In the search for a clandestine grave, forensic anthropologists should be part of a team of experts who look for changes in the surrounding environment that tell them the area has been disturbed. This team is always under the direction of the law enforcement agency in charge of the case, so that the inquiry is not compromised by well-meaning, but uninformed, volunteers arriving at a scene to help.
Naturally, a disturbance in the environment does not necessarily mean that a grave has been discovered. So, what are some of the clues to look for in finding a clandestine grave? When someone digs a hole, the site is changed in predictable ways, depending on environmental circumstances. For instance, the changes to a grave over time in very wet environments will be different than those in very dry environments. In any environment, plants within the hole are destroyed as the root system is compromised. Plants under the dirt thrown from the hole will be damaged, but they will usually recover relatively quickly from the insult. If the ground had previously been completely undisturbed, the layers of dirt are predictable, in that the more organic layers (those formed by the decomposition of plant materials) are close to the surface, while the rockier layers are deeper. When the dirt is removed, those layers are mixed, so that when the dirt is placed back into the hole, the layers no longer exist. In addition, often the lighter layers (less organically rich) will show on the surface. The ground is often mounded if the perpetrator wants to return all of the dirt back to the hole, and it will become quickly depressed after precipitation compacts the soil within the grave, particularly if the perpetrator left the surface flat. So, for starters, one would look for damaged plants or bare ground and either mounded or depressed ground with the layers mixed — which is determined when a small test trench is dug into the suspected grave.

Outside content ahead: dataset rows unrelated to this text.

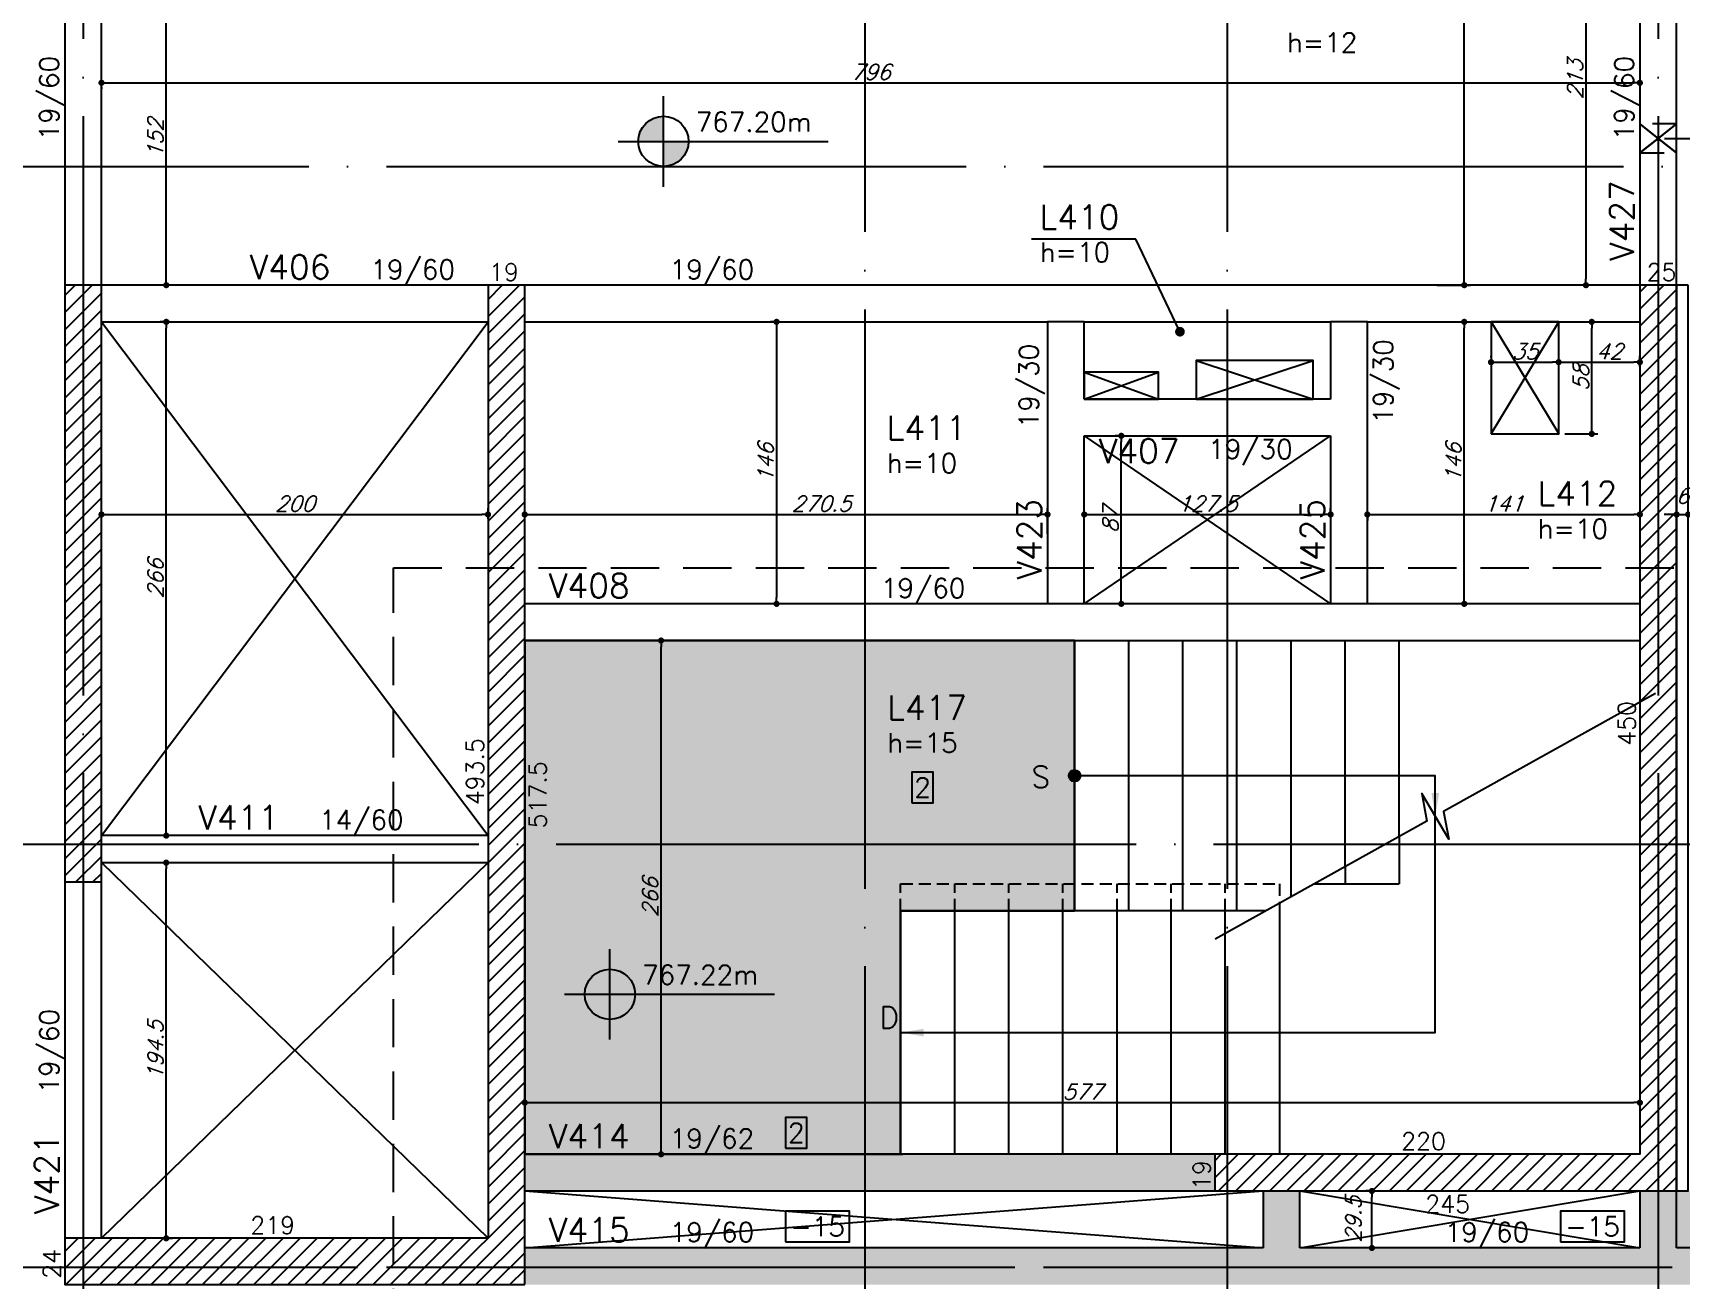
# Model space of a CAD drawing. Header units: millimetres. Extents: x -4122 to 5523, y -2094 to 2406.
# Drawn here: x -235 to 617, y -21 to 624 of the extents above; entities that cross this region are included whole.
import ezdxf
from ezdxf import colors
from ezdxf.entities.mleader import LeaderData, LeaderLine
from ezdxf.enums import TextEntityAlignment as Align
from ezdxf.math import Vec2, Vec3

# ---------------------------------------------------------------- set-up
doc = ezdxf.new("R2010")
doc.units = ezdxf.units.MM
doc.header["$LTSCALE"] = 50
for name, pattern in [('DASHED', [0.75, 0.5, -0.25]), ('EIXO', [6.8, 6, -0.4, 0, -0.4]), ('HIDDEN', [0.375, 0.25, -0.125])]:
    doc.linetypes.add(name, pattern=pattern)
for name, color, linetype in [('F-AUX', 2, 'Continuous'), ('F-AUX-RED', 1, 'Continuous'), ('F-COTAS', 106, 'Continuous'), ('F-COTAS-FUROS', 50, 'Continuous'), ('F-DESNIVEL-1', 254, 'Continuous'), ('F-EIXO', 12, 'EIXO'), ('F-ESC-PROJ', 1, 'Continuous'), ('F-ESCADAS', 2, 'Continuous'), ('F-FURO-PAREDE', 2, 'HIDDEN'), ('F-LAJES', 3, 'Continuous'), ('F-LAJES-DIM', 2, 'Continuous'), ('F-LAJES-NOME', 4, 'Continuous'), ('F-NÍVEL-PLANTA', 2, 'Continuous'), ('F-PILARES-DIM', 172, 'Continuous'), ('F-PILARES-HACH', 174, 'Continuous'), ('F-PILARES-M', 170, 'Continuous'), ('F-PILARES-S', 170, 'Continuous'), ('F-PILARES-V', 170, 'Continuous'), ('F-TEXTO', 6, 'Continuous'), ('F-TEXTO-YELLOW', 2, 'Continuous'), ('F-VIGAS', 3, 'Continuous'), ('F-VIGAS-DIM', 2, 'Continuous'), ('F-VIGAS-NOME', 4, 'Continuous'), ('F-VÃO', 1, 'Continuous')]:
    doc.layers.add(name, color=color, linetype=linetype)
doc.layers.add('F-DESNIVEL-3', color=7, linetype='Continuous', true_color=0xd5c7ff)
doc.layers.add('F-DESNIVEL-5', color=7, linetype='Continuous', true_color=0xadd6ff)
doc.styles.add('5385-ARQ-PB-BAS-PLA-TER-TORRE-A-106-TXT$0$R60-75', font='simplex.shx', dxfattribs={"height": 0.1125})
doc.styles.add('CP-TEXT-INCL', font='simplex.shx', dxfattribs={"oblique": 20})
doc.styles.add('MCP', font='simplex.shx')
doc.styles.add('ROMANS', font='simplex.shx')
doc.styles.get("Standard").update_dxf_attribs({"font": 'txt.shx'})
doc.dimstyles.new('CP-COTAS-50', dxfattribs={"dimscale": 0.64, "dimtxt": 12.5, "dimasz": 5, "dimexe": 5, "dimexo": 5, "dimgap": 2.5, "dimtad": 1, "dimdec": 1, "dimdsep": 46, "dimtxsty": 'CP-TEXT-INCL', "dimblk1": 'DOT', "dimblk2": 'DOT', "dimsah": 1, "dimcen": 9, "dimclrd": 256, "dimclre": 256, "dimclrt": 256, "dimadec": 0, "dimazin": 0, "dimtfac": 1, "dimtdec": 1, "dimtmove": 2, "dimatfit": 3, "dimldrblk": 'DOT', "dimfxl": 0, "dimtolj": 1, "dimarcsym": 0})
pattern_1 = [(45, (0, 0), (-4.419417, 4.419417), [])]

# ---------------------------------------------------------------- blocks, each defined once
blk = doc.blocks.new('*U48')
at = {"layer": 'F-LAJES-DIM', "color": 1}
blk.add_lwpolyline([(0, 0), (11, 0), (11, 16), (0, 16)], close=True, dxfattribs=at)
at = {"layer": 'F-LAJES-DIM', "style": 'MCP'}
blk.add_attdef('DIM', text='', height=10, dxfattribs=at).set_placement((5.5, 8), align=Align.MIDDLE_CENTER)
blk = doc.blocks.new('*U19')
at = {"layer": 'F-VIGAS-DIM', "color": 1}
blk.add_lwpolyline([(0, 0), (33, 0), (33, 16), (0, 16)], close=True, dxfattribs=at)
at = {"layer": 'F-VIGAS-DIM', "style": 'MCP'}
blk.add_attdef('DIM', text='', height=10, dxfattribs=at).set_placement((16.5, 8), align=Align.MIDDLE_CENTER)
blk = doc.blocks.new('*U22')
at = {"layer": 'F-VIGAS-DIM', "color": 1}
blk.add_lwpolyline([(0, 0), (11, 0), (11, 16), (0, 16)], close=True, dxfattribs=at)
at = {"layer": 'F-VIGAS-DIM', "style": 'MCP'}
blk.add_attdef('DIM', text='', height=10, dxfattribs=at).set_placement((5.5, 8), align=Align.MIDDLE_CENTER)
blk = doc.blocks.new('Nível - Planta')
at = {"layer": 'F-NÍVEL-PLANTA'}
h = blk.add_hatch(color=71, dxfattribs=at)
h.paths.add_polyline_path([(0, 0), (0, 0.26, 0.414214), (-0.26, 0)])
h.paths.add_polyline_path([(0.26, 0), (0, 0), (0, -0.26, 0.414214)])
for p, q in [((0, -0.469), (0, 0.469)), ((-0.469, 0), (1.704, 0))]:
    blk.add_line(p, q, dxfattribs=at)
blk.add_circle((0, 0), 0.26, dxfattribs=at)
at = {"layer": 'F-TEXTO', "color": 3, "style": 'MCP'}
blk.add_attdef('NÍVEL', (0.333, 0.102), '', height=0.2, dxfattribs=at)
blk = doc.blocks.new('*U32')
at = {"layer": 'F-EIXO'}
blk.add_line((0, 0), (7484.954, 0), dxfattribs=at)
at = {"layer": 'F-TEXTO', "style": 'ROMANS'}
blk.add_attdef('EIXO', text='', height=17.5, dxfattribs=at).set_placement((-28.2072, 0), align=Align.MIDDLE_CENTER)
blk = doc.blocks.new('*U28')
at = {"layer": 'F-EIXO'}
blk.add_line((0, 0), (0, -3377.88), dxfattribs=at)
at = {"layer": 'F-TEXTO', "style": 'ROMANS'}
blk.add_attdef('EIXO', text='', height=17.5, rotation=360, dxfattribs=at).set_placement((0, 28.21), align=Align.MIDDLE_CENTER)
blk = doc.blocks.new('*U29')
at = {"layer": 'F-EIXO'}
blk.add_line((0, 0), (0, -3477.88), dxfattribs=at)
at = {"layer": 'F-TEXTO', "style": 'ROMANS'}
blk.add_attdef('EIXO', text='', height=17.5, rotation=360, dxfattribs=at).set_placement((0, 28.21), align=Align.MIDDLE_CENTER)
blk = doc.blocks.new('*U26')
at = {"layer": 'F-EIXO'}
blk.add_line((0, 0), (7397, 0), dxfattribs=at)
at = {"layer": 'F-TEXTO', "style": 'ROMANS'}
blk.add_attdef('EIXO', text='', height=17.5, dxfattribs=at).set_placement((-28.2072, 0), align=Align.MIDDLE_CENTER)
blk = doc.blocks.new('*U145')
at = {"layer": 'F-VÃO'}
for p, q in [((0, 0), (35, 58)), ((0, 58), (35, 0))]:
    blk.add_line(p, q, dxfattribs=at)
at = {"layer": 'F-VÃO', "color": 3}
blk.add_lwpolyline([(0, 0), (35, 0), (35, 58), (0, 58)], close=True, dxfattribs=at)
blk = doc.blocks.new('*U148')
at = {"layer": 'F-VÃO'}
for p, q in [((0, 0), (38.5, 14)), ((0, 14), (38.5, 0))]:
    blk.add_line(p, q, dxfattribs=at)
at = {"layer": 'F-VÃO', "color": 3}
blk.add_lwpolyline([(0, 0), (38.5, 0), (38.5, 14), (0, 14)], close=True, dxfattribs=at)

If a significant period of time elapses between the time of burial and the time of the search, plants will begin to colonize the disturbed area. Again, environmental circumstances have an influence here. For instance, the plants in a wet environment may colonize the grave within a season while a grave in an arid environment may remain relatively bare for years. Even smaller environmental differences, such as the seasons of the year or whether the grave is on a north slope or a south slope, will influence the colonization rate. Often the plants that initially invade the disturbed area are the same plants that invade other disturbed areas in the vicinity — such as road cuts or overgrazed areas — and frequently they will be different species from those in surrounding, undisturbed areas. These new, colonizing plants can include many species — such as thistle, cheat grass, and kudzu — that are able to root quickly because the soil in the grave has recently been aerated.
Because the soil in the grave is aerated, it is less dense than in the surrounding area. Therefore, methods such as ground penetrating radar, infrared detection, and electromagnetic techniques may be of some help in finding an area after the surface indicators are fading. Even though years may have passed since a body was buried, the soil within a grave can remain less dense and can have different conductivity values than the surrounding soil.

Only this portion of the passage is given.